As a troubled teenager, Trent Dalton was saved by his high school English teacher
‘She took no bullshit – but if she saw some sort of light in you she just helped you turn it up.’ Acclaimed author and journalist Trent Dalton gives a shout-out to his high school teachers.
Trent Dalton confesses he was quite a handful for his high school teachers in Brisbane’s down-and-out neighbourhood of Bracken Ridge in the 1990s.
“I used to just stare out the window all the time, and when I wasn’t doing that I was just being a smartarse,’’ Dalton said on Thursday. “I just didn’t care about a lot of stuff. I was listening to Kurt Cobain, very nihilistic. Everything was just wild in the ’90s.’’

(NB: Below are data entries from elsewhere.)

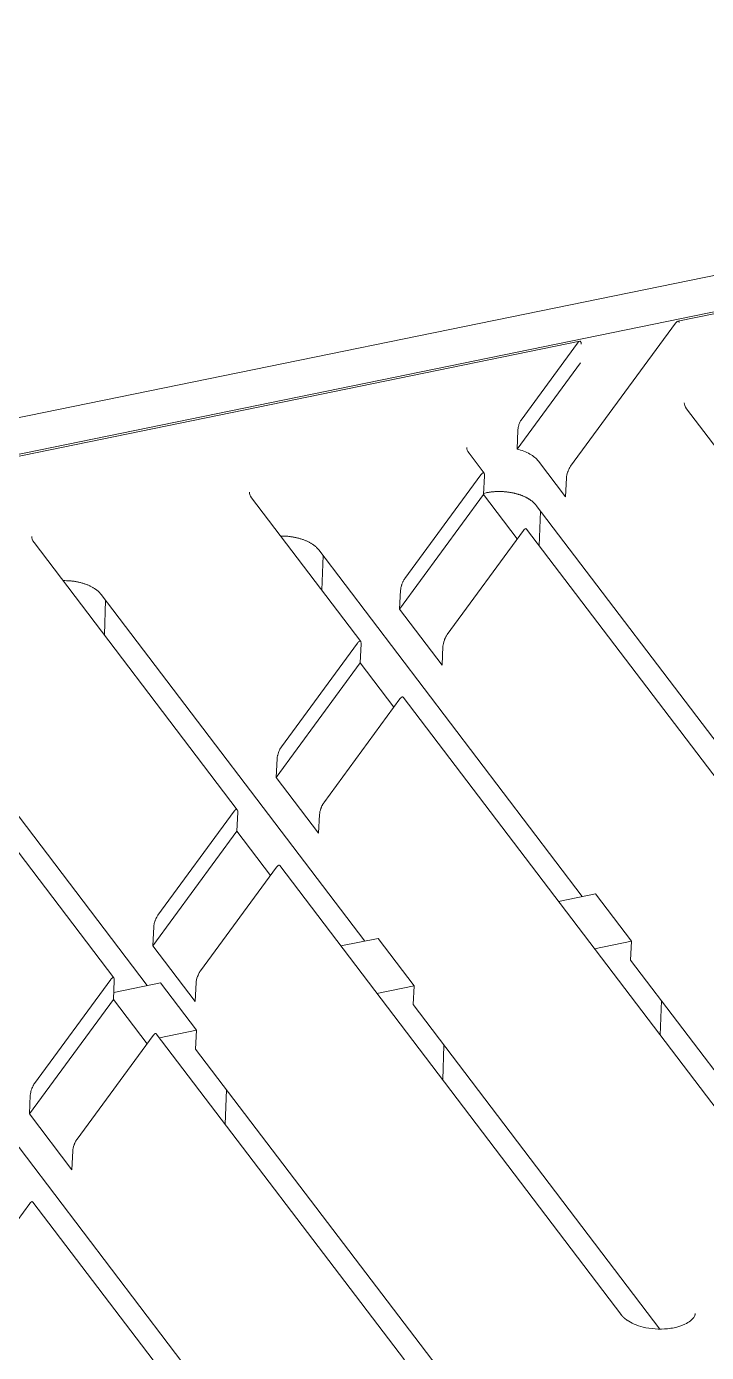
# Model space of a CAD drawing. Header units: millimetres. Extents: x 4267 to 8467, y 166 to 3136.
# Drawn here: x 5020.3 to 5061.4, y 1929.6 to 2009.5 of the extents above; entities that cross this region are included whole.
import ezdxf

# ---------------------------------------------------------------- set-up
doc = ezdxf.new("R2010")
doc.units = ezdxf.units.MM

msp = doc.modelspace()

# ---------------------------------------------------------------- linework, layer by layer
at = {"linetype": 'Continuous', "lineweight": 5}
for p, q in [((4716.615, 1923.888, 326.374), (5135.162, 2009.535, 326.374)), ((4718.065, 1921.983, 326.374), (5136.612, 2007.63, 326.374)), ((5086.291, 1997.217, 326.374), (5059.651, 1991.766, 326.374)), ((5053.179, 1983.017, 326.374), (5059.516, 1991.648, 326.374)), ((5053.723, 1990.553, 326.374), (4979.604, 1975.386, 326.374)), ((5050.184, 1985.795, 326.374), (5053.591, 1990.436, 326.374)), ((5053.765, 1989.255, 326.374), (5049.94, 1984.045, 326.374)), ((5090.029, 1947.246, 326.374), (5060.171, 1986.48, 326.374)), ((5049.94, 1984.045, 326.374), (5049.997, 1985.186, 326.374)), ((5047.957, 1982.593, 326.374), (5047.043, 1983.794, 326.374)), ((5052.866, 1981.171, 326.374), (5051.231, 1983.319, 326.374)), ((5043.167, 1976.237, 326.374), (5047.764, 1982.498, 326.374)), ((5047.982, 1982.441, 326.374), (5047.925, 1981.3, 326.374)), ((5052.923, 1982.312, 326.374), (5052.866, 1981.171, 326.374)), ((5040.508, 1972.445, 326.374), (5033.916, 1981.107, 326.374)), ((5047.925, 1981.3, 326.374), (5042.853, 1974.391, 326.374)), ((5047.925, 1981.3, 326.374), (5049.958, 1978.629, 326.374)), ((5067.01, 1959.746, 326.374), (5051.098, 1980.654, 326.374)), ((5051.359, 1980.31, 326.374), (5051.287, 1978.217, 326.374)), ((5050.327, 1979.13, 326.374), (5045.73, 1972.869, 326.374)), ((5082.526, 1937.171, 326.374), (5050.518, 1979.228, 326.374)), ((5033.059, 1962.298, 326.374), (5020.788, 1978.421, 326.374)), ((5053.882, 1957.06, 326.374), (5037.97, 1977.967, 326.374)), ((5038.232, 1977.624, 326.374), (5038.16, 1975.531, 326.374)), ((5025.609, 1952.15, 326.374), (5007.66, 1975.735, 326.374)), ((5042.853, 1974.391, 326.374), (5042.911, 1975.532, 326.374)), ((5040.754, 1954.373, 326.374), (5024.843, 1975.281, 326.374)), ((5025.104, 1974.937, 326.374), (5025.032, 1972.844, 326.374)), ((5045.416, 1971.024, 326.374), (5042.853, 1974.391, 326.374)), ((5027.627, 1951.687, 326.374), (5011.715, 1972.595, 326.374)), ((5035.718, 1966.089, 326.374), (5040.314, 1972.35, 326.374)), ((5040.533, 1972.294, 326.374), (5040.476, 1971.153, 326.374)), ((5045.473, 1972.165, 326.374), (5045.416, 1971.024, 326.374)), ((5040.476, 1971.153, 326.374), (5035.404, 1964.244, 326.374)), ((5040.476, 1971.153, 326.374), (5042.509, 1968.481, 326.374)), ((5042.877, 1968.983, 326.374), (5038.281, 1962.722, 326.374)), ((5069.398, 1934.484, 326.374), (5043.069, 1969.08, 326.374)), ((5035.404, 1964.244, 326.374), (5035.461, 1965.385, 326.374)), ((5037.967, 1960.876, 326.374), (5035.404, 1964.244, 326.374)), ((5028.269, 1955.942, 326.374), (5032.865, 1962.203, 326.374)), ((5033.084, 1962.146, 326.374), (5033.027, 1961.005, 326.374)), ((5038.024, 1962.017, 326.374), (5037.967, 1960.876, 326.374)), ((5033.027, 1961.005, 326.374), (5027.955, 1954.096, 326.374)), ((5033.027, 1961.005, 326.374), (5035.06, 1958.334, 326.374)), ((5035.428, 1958.835, 326.374), (5030.832, 1952.574, 326.374)), ((5056.27, 1931.798, 326.374), (5035.619, 1958.933, 326.374)), ((5052.441, 1956.765, 326.374), (5054.681, 1957.223, 326.374)), ((5054.681, 1957.223, 326.374), (5056.856, 1954.366, 326.374)), ((5027.955, 1954.096, 326.374), (5028.012, 1955.238, 326.374)), ((5039.314, 1954.079, 326.374), (5041.553, 1954.537, 326.374)), ((5041.553, 1954.537, 326.374), (5043.728, 1951.679, 326.374)), ((5030.518, 1950.729, 326.374), (5027.955, 1954.096, 326.374)), ((5056.856, 1954.366, 326.374), (5054.616, 1953.907, 326.374)), ((5056.799, 1953.227, 326.374), (5056.856, 1954.366, 326.374)), ((5071.69, 1933.661, 326.374), (5056.799, 1953.227, 326.374)), ((5020.819, 1945.794, 326.374), (5025.416, 1952.055, 326.374)), ((5025.635, 1951.999, 326.374), (5025.578, 1950.858, 326.374)), ((5025.598, 1951.272, 326.374), (5028.426, 1951.851, 326.374)), ((5028.426, 1951.851, 326.374), (5030.601, 1948.993, 326.374)), ((5030.575, 1951.87, 326.374), (5030.518, 1950.729, 326.374)), ((5043.728, 1951.679, 326.374), (5041.489, 1951.221, 326.374)), ((5043.671, 1950.541, 326.374), (5043.728, 1951.679, 326.374)), ((5025.578, 1950.858, 326.374), (5020.506, 1943.949, 326.374)), ((5025.578, 1950.858, 326.374), (5027.611, 1948.186, 326.374)), ((5058.562, 1930.974, 326.374), (5043.671, 1950.541, 326.374)), ((5058.584, 1948.693, 326.374), (5058.656, 1950.787, 326.374)), ((5030.601, 1948.993, 326.374), (5028.361, 1948.535, 326.374)), ((5030.544, 1947.855, 326.374), (5030.601, 1948.993, 326.374)), ((5027.979, 1948.688, 326.374), (5023.382, 1942.427, 326.374)), ((5043.143, 1929.112, 326.374), (5028.17, 1948.785, 326.374)), ((5045.435, 1928.288, 326.374), (5030.544, 1947.855, 326.374)), ((5045.457, 1946.007, 326.374), (5045.529, 1948.1, 326.374)), ((5032.307, 1925.602, 326.374), (5017.416, 1945.168, 326.374)), ((5020.506, 1943.949, 326.374), (5020.563, 1945.09, 326.374)), ((5032.329, 1943.321, 326.374), (5032.401, 1945.414, 326.374)), ((5023.069, 1940.581, 326.374), (5020.506, 1943.949, 326.374)), ((5023.126, 1941.722, 326.374), (5023.069, 1940.581, 326.374)), ((5020.529, 1938.54, 326.374), (5015.933, 1932.279, 326.374)), ((5030.015, 1926.426, 326.374), (5020.721, 1938.638, 326.374))]:
    msp.add_line(p, q, dxfattribs=at)
for points in [[(5051.098, 1980.654), (5051.07, 1980.689, 0.00997), (5051.039, 1980.725, 0.009256), (5051.006, 1980.76, 0.008821), (5050.971, 1980.796, 0.00873), (5050.934, 1980.831, 0.008497), (5050.894, 1980.866, 0.008253), (5050.852, 1980.901, 0.007983), (5050.808, 1980.935, 0.007784), (5050.761, 1980.969, 0.007542), (5050.712, 1981.002, 0.007346), (5050.661, 1981.035, 0.00712), (5050.608, 1981.067, 0.006939), (5050.552, 1981.099, 0.006735), (5050.494, 1981.129, 0.006569), (5050.435, 1981.159, 0.006386), (5050.373, 1981.188, 0.006236), (5050.309, 1981.215, 0.006073), (5050.243, 1981.242, 0.005939), (5050.176, 1981.268, 0.005797), (5050.107, 1981.292, 0.005677), (5050.037, 1981.315, 0.005554), (5049.965, 1981.337, 0.005449), (5049.892, 1981.357, 0.005344), (5049.818, 1981.376, 0.005252), (5049.743, 1981.394, 0.005164), (5049.667, 1981.41, 0.005085), (5049.59, 1981.425, 0.005012), (5049.513, 1981.438, 0.004944), (5049.435, 1981.45, 0.004886), (5049.357, 1981.46, 0.00483), (5049.279, 1981.469, 0.004785), (5049.201, 1981.476, 0.004736), (5049.124, 1981.482, 0.004707), (5049.046, 1981.486, 0.004676), (5048.969, 1981.489, 0.004647), (5048.892, 1981.49, 0.004594), (5048.816, 1981.49, 0.004618), (5048.741, 1981.489, 0.004677), (5048.667, 1981.486, 0.004565), (5048.594, 1981.482, 0.004282), (5048.522, 1981.476, 0.00468), (5048.451, 1981.47, 0.005508), (5048.379, 1981.461, 0.004301), (5048.313, 1981.453, 0.00163), (5048.254, 1981.445, 0.005907), (5048.18, 1981.432, 0.010383), (5048.071, 1981.409, 0.005279), (5047.929, 1981.377, 0.002885)], [(5037.97, 1977.968), (5037.935, 1978.012, 0.012487), (5037.896, 1978.056, 0.011399), (5037.854, 1978.1, 0.010734), (5037.808, 1978.144, 0.010589), (5037.758, 1978.187, 0.010234), (5037.705, 1978.23, 0.009866), (5037.648, 1978.273, 0.009467), (5037.588, 1978.314, 0.009175), (5037.524, 1978.355, 0.008829), (5037.457, 1978.394, 0.008551), (5037.386, 1978.433, 0.00824), (5037.313, 1978.47, 0.00799), (5037.236, 1978.506, 0.007726), (5037.156, 1978.54, 0.007521), (5037.073, 1978.572, 0.007275), (5036.988, 1978.603, 0.007048), (5036.901, 1978.631, 0.006912), (5036.811, 1978.658, 0.006872), (5036.72, 1978.683, 0.006537), (5036.627, 1978.705, 0.00602), (5036.534, 1978.725, 0.00646), (5036.437, 1978.743, 0.007463), (5036.338, 1978.759, 0.005681), (5036.244, 1978.772, 0.002193), (5036.159, 1978.783, 0.00766), (5036.051, 1978.792, 0.012901), (5035.885, 1978.799, 0.006433), (5035.669, 1978.804, 0.00346)], [(5024.843, 1975.281), (5024.807, 1975.325, 0.012487), (5024.768, 1975.37, 0.011399), (5024.726, 1975.414, 0.010734), (5024.68, 1975.458, 0.010589), (5024.631, 1975.501, 0.010234), (5024.577, 1975.544, 0.009866), (5024.521, 1975.586, 0.009467), (5024.46, 1975.628, 0.009175), (5024.397, 1975.668, 0.008829), (5024.329, 1975.708, 0.008551), (5024.259, 1975.747, 0.00824), (5024.185, 1975.784, 0.00799), (5024.108, 1975.819, 0.007726), (5024.028, 1975.853, 0.007521), (5023.946, 1975.886, 0.007275), (5023.861, 1975.916, 0.007048), (5023.773, 1975.945, 0.006912), (5023.684, 1975.972, 0.006872), (5023.592, 1975.996, 0.006537), (5023.499, 1976.019, 0.00602), (5023.406, 1976.039, 0.00646), (5023.31, 1976.057, 0.007463), (5023.211, 1976.073, 0.005681), (5023.117, 1976.086, 0.002193), (5023.032, 1976.097, 0.00766), (5022.923, 1976.106, 0.012901), (5022.757, 1976.112, 0.006433), (5022.541, 1976.117, 0.00346)], [(5056.217, 1931.851), (5056.223, 1931.843, 0.002117), (5056.229, 1931.835, 0.002056), (5056.236, 1931.827, 0.00203), (5056.242, 1931.818, 0.002044), (5056.249, 1931.81, 0.002042), (5056.256, 1931.802, 0.002038), (5056.263, 1931.794, 0.002029), (5056.27, 1931.785, 0.002029), (5056.277, 1931.777, 0.002022), (5056.285, 1931.769, 0.00202), (5056.292, 1931.76, 0.002012), (5056.3, 1931.752, 0.002011), (5056.308, 1931.744, 0.002003), (5056.316, 1931.735, 0.002001), (5056.324, 1931.727, 0.001993), (5056.333, 1931.718, 0.001991), (5056.341, 1931.709, 0.001983), (5056.35, 1931.701, 0.00198), (5056.359, 1931.692, 0.001972), (5056.368, 1931.684, 0.00197), (5056.377, 1931.675, 0.001961), (5056.386, 1931.666, 0.001958), (5056.396, 1931.658, 0.001951), (5056.405, 1931.649, 0.001952), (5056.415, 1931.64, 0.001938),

Three decades down the track, the acclaimed journalist and author has been celebrated as an honorary fellow of his alma mater, the University of Southern Queensland in Toowoomba.
The Australian’s Walkley award-winning journalist, and author of best-selling novel Boy Swallows Universe, gave a shout-out on Thursday to the inspirational high school teachers who gave him the gift of education and the power of inspiration.
If not for those teachers who, in his words, “gave a shit’’, the teenage Dalton might never have finished high school, let alone graduate from university with a degree in media studies.
“It baffles me why our Australian teachers are not the most protected, highly paid workers in the country, because they have the lives of our most cherished people in their hands – our kids,’’ he told The Australian. “The pressure we place on them is staggering.’’
As for education, he says “I’ve seen the power of it – I’ve lived it’’.
Failures in schooling, he says, are “all linked to our youth crime issues, it’s all linked to our addiction issues”.
Dalton’s English teacher, Shirley Adams, is 90 years old, but made the effort to watch his play, Love Stories, through tears of pride earlier this month.
Dalton’s teenage years were a “crazy time”, he recalls: his mother had spent two years in jail for a drug conviction, and he shared a housing commission house with three brothers and their alcoholic, bookworm father “who had his own demons’’.
His year 12 English teacher, Brian Jentz, still teaches at Bracken Ridge State High School.
“We had every social issue swirling through that school every single day – I’m talking hard stuff,’’ Dalton said. “And every day those teachers turned up to inspire us. By the time we all got to year 12, we were changed. I’m a product of all these people who gave a shit.
“I was really helped by the true spirit of community – ‘just help this idiot, let’s help this 15-year-old kid and see what he can do’.’’
Dalton still remembers the day Miss Adams took him aside in year 10 and told him: “I get why you hate the world, but I’ve read your essays – if you can just stop being a smartarse for a bit, you could actually do something great one day.”
“She came in at a really critical time when I was peak arsehole,’’ he said. “But she cared about each and every one of (her students), and she was tough and hard.
“She took no bullshit, but if she saw some sort of light in you she just helped you turn it up.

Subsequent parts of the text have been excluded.